# Flavor differences between Flat Leaf & Curly Parsley?



## shawtycat (Feb 6, 2002)

Ive searched my supermarket but can't find this stuff. Id like to know how the flavor is with the Italian Flat Leaf parsley. I happen to like the curly one that I buy at the supermarket. Is the Italian one milder or spicier (sp?) ? And does it make a bold flavor difference when using it in sauces?

Thanks 

Jodi


----------



## svadhisthana (May 6, 2001)

I found this on www.foodtv.com :

parsley

Definition: In ancient times parsley wreaths were used to ward off drunkenness--though proof of their efficacy in that capacity is scarce. Today, this slightly peppery, fresh-flavored herb is more commonly used as a flavoring and garnish. Though there are more than 30 varieties of this herb, the most popular are *curly-leaf *parsley and the more strongly flavored *Italian or flat-leaf *parsley. Fresh curly leaf parsley is widely available year-round, while Italian parsley must sometimes be searched out in gourmet produce markets. Parsley is sold in bunches and should be chosen for its bright-green leaves that show no sign of wilting. Wash fresh parsley, shaking off excess moisture, and wrap first in paper towels, then in a plastic bag. Refrigerate for up to a week. Dried parsley is available in the spice section of most supermarkets but bears little resemblance to the flavor of fresh. Parsley is an excellent source of vitamins A and C. See also herbs; Herb and Spice Chart.

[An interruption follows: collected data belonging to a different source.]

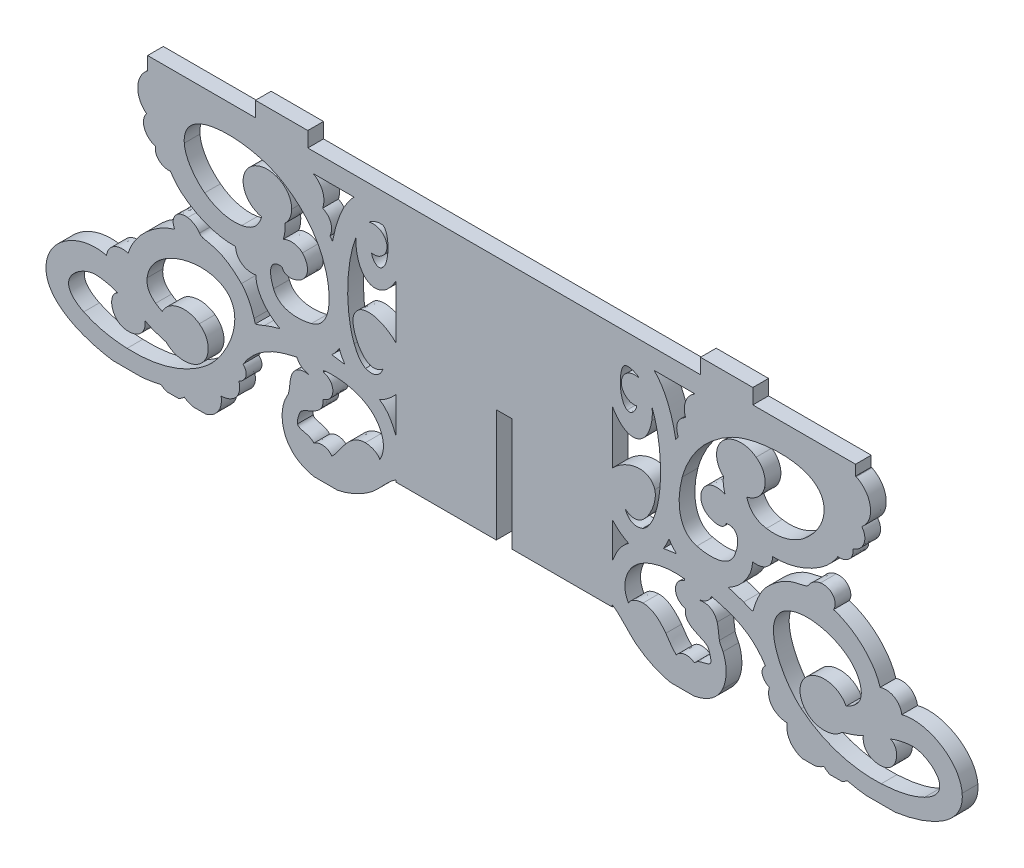
from build123d import *

# Parameters (mm, degrees)
RESSALTO_EXTRUS_O1_DEPTH = 2


with BuildPart() as part:
    # Model → Ressalto-extrusão1 (new body)
    with BuildSketch(Plane.XY):
        with BuildLine():
            Line((-5.6284, -71.1175), (-5.6464, -70.8746))
            add(Edge.make_bspline(
                [(-5.6464, -70.8746), (-6.5419, -71.3588), (-7.8893, -73.0536), (-8.6517, -73.6479)],
                knots=[0.00990099, 0.00990099, 0.00990099, 0.00990099, 0.01980198, 0.01980198, 0.01980198, 0.01980198], degree=3))
            add(Edge.make_bspline(
                [(-8.6517, -73.6479), (-9.9492, -74.6594), (-11.4791, -75.4122), (-13.1021, -75.7285)],
                knots=[0.01980198, 0.01980198, 0.01980198, 0.01980198, 0.02970297, 0.02970297, 0.02970297, 0.02970297], degree=3))
            Line((-13.1021, -75.7285), (-16.0542, -75.7291))
            add(Edge.make_bspline(
                [(-16.0542, -75.7291), (-17.6074, -75.4426), (-18.9753, -74.6493), (-19.6727, -73.1749)],
                knots=[0.03960396, 0.03960396, 0.03960396, 0.03960396, 0.04950495, 0.04950495, 0.04950495, 0.04950495], degree=3))
            add(Edge.make_bspline(
                [(-19.6727, -73.1749), (-20.2748, -71.9018), (-20.309, -70.2987), (-19.7445, -68.9995)],
                knots=[0.04950495, 0.04950495, 0.04950495, 0.04950495, 0.059405941, 0.059405941, 0.059405941, 0.059405941], degree=3))
            add(Edge.make_bspline(
                [(-19.7445, -68.9995), (-19.5924, -68.6493), (-19.3699, -68.3546), (-19.2888, -67.9672)],
                knots=[0.059405941, 0.059405941, 0.059405941, 0.059405941, 0.069306931, 0.069306931, 0.069306931, 0.069306931], degree=3))
            add(Edge.make_bspline(
                [(-19.2888, -67.9672), (-19.1614, -67.3578), (-19.1819, -66.7034), (-18.999, -66.1037)],
                knots=[0.069306931, 0.069306931, 0.069306931, 0.069306931, 0.079207921, 0.079207921, 0.079207921, 0.079207921], degree=3))
            add(Edge.make_bspline(
                [(-18.999, -66.1037), (-18.6689, -65.0219), (-17.8333, -64.6183), (-16.8102, -64.8106)],
                knots=[0.079207921, 0.079207921, 0.079207921, 0.079207921, 0.089108911, 0.089108911, 0.089108911, 0.089108911], degree=3))
            add(Edge.make_bspline(
                [(-16.8102, -64.8106), (-16.8066, -64.7918), (-16.8024, -64.7729), (-16.7979, -64.7539)],
                knots=[0.089108911, 0.089108911, 0.089108911, 0.089108911, 0.099009901, 0.099009901, 0.099009901, 0.099009901], degree=3))
            add(Edge.make_bspline(
                [(-16.7979, -64.7539), (-17.4996, -64.6554), (-17.9964, -64.2686), (-18.281, -63.636)],
                knots=[0.099009901, 0.099009901, 0.099009901, 0.099009901, 0.108910891, 0.108910891, 0.108910891, 0.108910891], degree=3))
            Line((-18.281, -63.636), (-19.6289, -63.9795))
            add(Edge.make_bspline(
                [(-19.6289, -63.9795), (-21.9055, -64.5921), (-23.8126, -65.7446), (-25.137, -67.8442)],
                knots=[0.118811881, 0.118811881, 0.118811881, 0.118811881, 0.128712871, 0.128712871, 0.128712871, 0.128712871], degree=3))
            add(Edge.make_bspline(
                [(-25.137, -67.8442), (-24.3471, -68.5533), (-24.768, -69.5566), (-25.6484, -69.984)],
                knots=[0.128712871, 0.128712871, 0.128712871, 0.128712871, 0.138613861, 0.138613861, 0.138613861, 0.138613861], degree=3))
            add(Edge.make_bspline(
                [(-25.6484, -69.984), (-25.2197, -71.4939), (-26.2828, -72.6736), (-27.9206, -72.7687)],
                knots=[0.138613861, 0.138613861, 0.138613861, 0.138613861, 0.148514851, 0.148514851, 0.148514851, 0.148514851], degree=3))
            add(Edge.make_bspline(
                [(-27.9206, -72.7687), (-27.6704, -74.1792), (-28.5691, -75.382), (-29.8849, -75.7243)],
                knots=[0.148514851, 0.148514851, 0.148514851, 0.148514851, 0.158415842, 0.158415842, 0.158415842, 0.158415842], degree=3))
            Line((-29.8849, -75.7243), (-31.4771, -75.7251))
            add(Edge.make_bspline(
                [(-31.4771, -75.7251), (-31.8723, -75.6269), (-32.2526, -75.4578), (-32.6065, -75.2243)],
                knots=[0.168316832, 0.168316832, 0.168316832, 0.168316832, 0.178217822, 0.178217822, 0.178217822, 0.178217822], degree=3))
            add(Edge.make_bspline(
                [(-32.6065, -75.2243), (-32.7813, -75.3936), (-33.1597, -75.6888), (-33.3867, -75.7342)],
                knots=[0.178217822, 0.178217822, 0.178217822, 0.178217822, 0.188118812, 0.188118812, 0.188118812, 0.188118812], degree=3))
            Line((-33.3867, -75.7342), (-34.8157, -75.7342))
            add(Edge.make_bspline(
                [(-34.8157, -75.7342), (-35.0116, -75.6974), (-35.4128, -75.4422), (-35.5882, -75.3144)],
                knots=[0.198019802, 0.198019802, 0.198019802, 0.198019802, 0.207920792, 0.207920792, 0.207920792, 0.207920792], degree=3))
            add(Edge.make_bspline(
                [(-35.5882, -75.3144), (-36.1338, -75.4582), (-37.442, -75.702), (-37.9546, -75.7342)],
                knots=[0.207920792, 0.207920792, 0.207920792, 0.207920792, 0.217821782, 0.217821782, 0.217821782, 0.217821782], degree=3))
            Line((-37.9546, -75.7342), (-41.6837, -75.7314))
            add(Edge.make_bspline(
                [(-41.6837, -75.7314), (-44.9016, -75.2916), (-50.559, -73.5038), (-50.1979, -69.3793)],
                knots=[0.227722772, 0.227722772, 0.227722772, 0.227722772, 0.237623762, 0.237623762, 0.237623762, 0.237623762], degree=3))
            add(Edge.make_bspline(
                [(-50.1979, -69.3793), (-49.9051, -66.0319), (-45.7279, -63.6924), (-42.5097, -64.5533)],
                knots=[0.237623762, 0.237623762, 0.237623762, 0.237623762, 0.247524752, 0.247524752, 0.247524752, 0.247524752], degree=3))
            add(Edge.make_bspline(
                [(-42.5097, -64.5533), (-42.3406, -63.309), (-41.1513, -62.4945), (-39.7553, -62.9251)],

--Copyright (c) 1995 by Barron's Educational Series, from The New Food Lover's Companion, Second Edition, by Sharon Tyler Herbst


----------



## chiffonade (Nov 29, 2001)

*Flat Leaf or "Italian" parsley...* Full of fresh flavor that lifts nearly any dish.

*Curly Parsley...* Tasteless, used primarily for garnish, sticks in your teeth and throat. Bleah.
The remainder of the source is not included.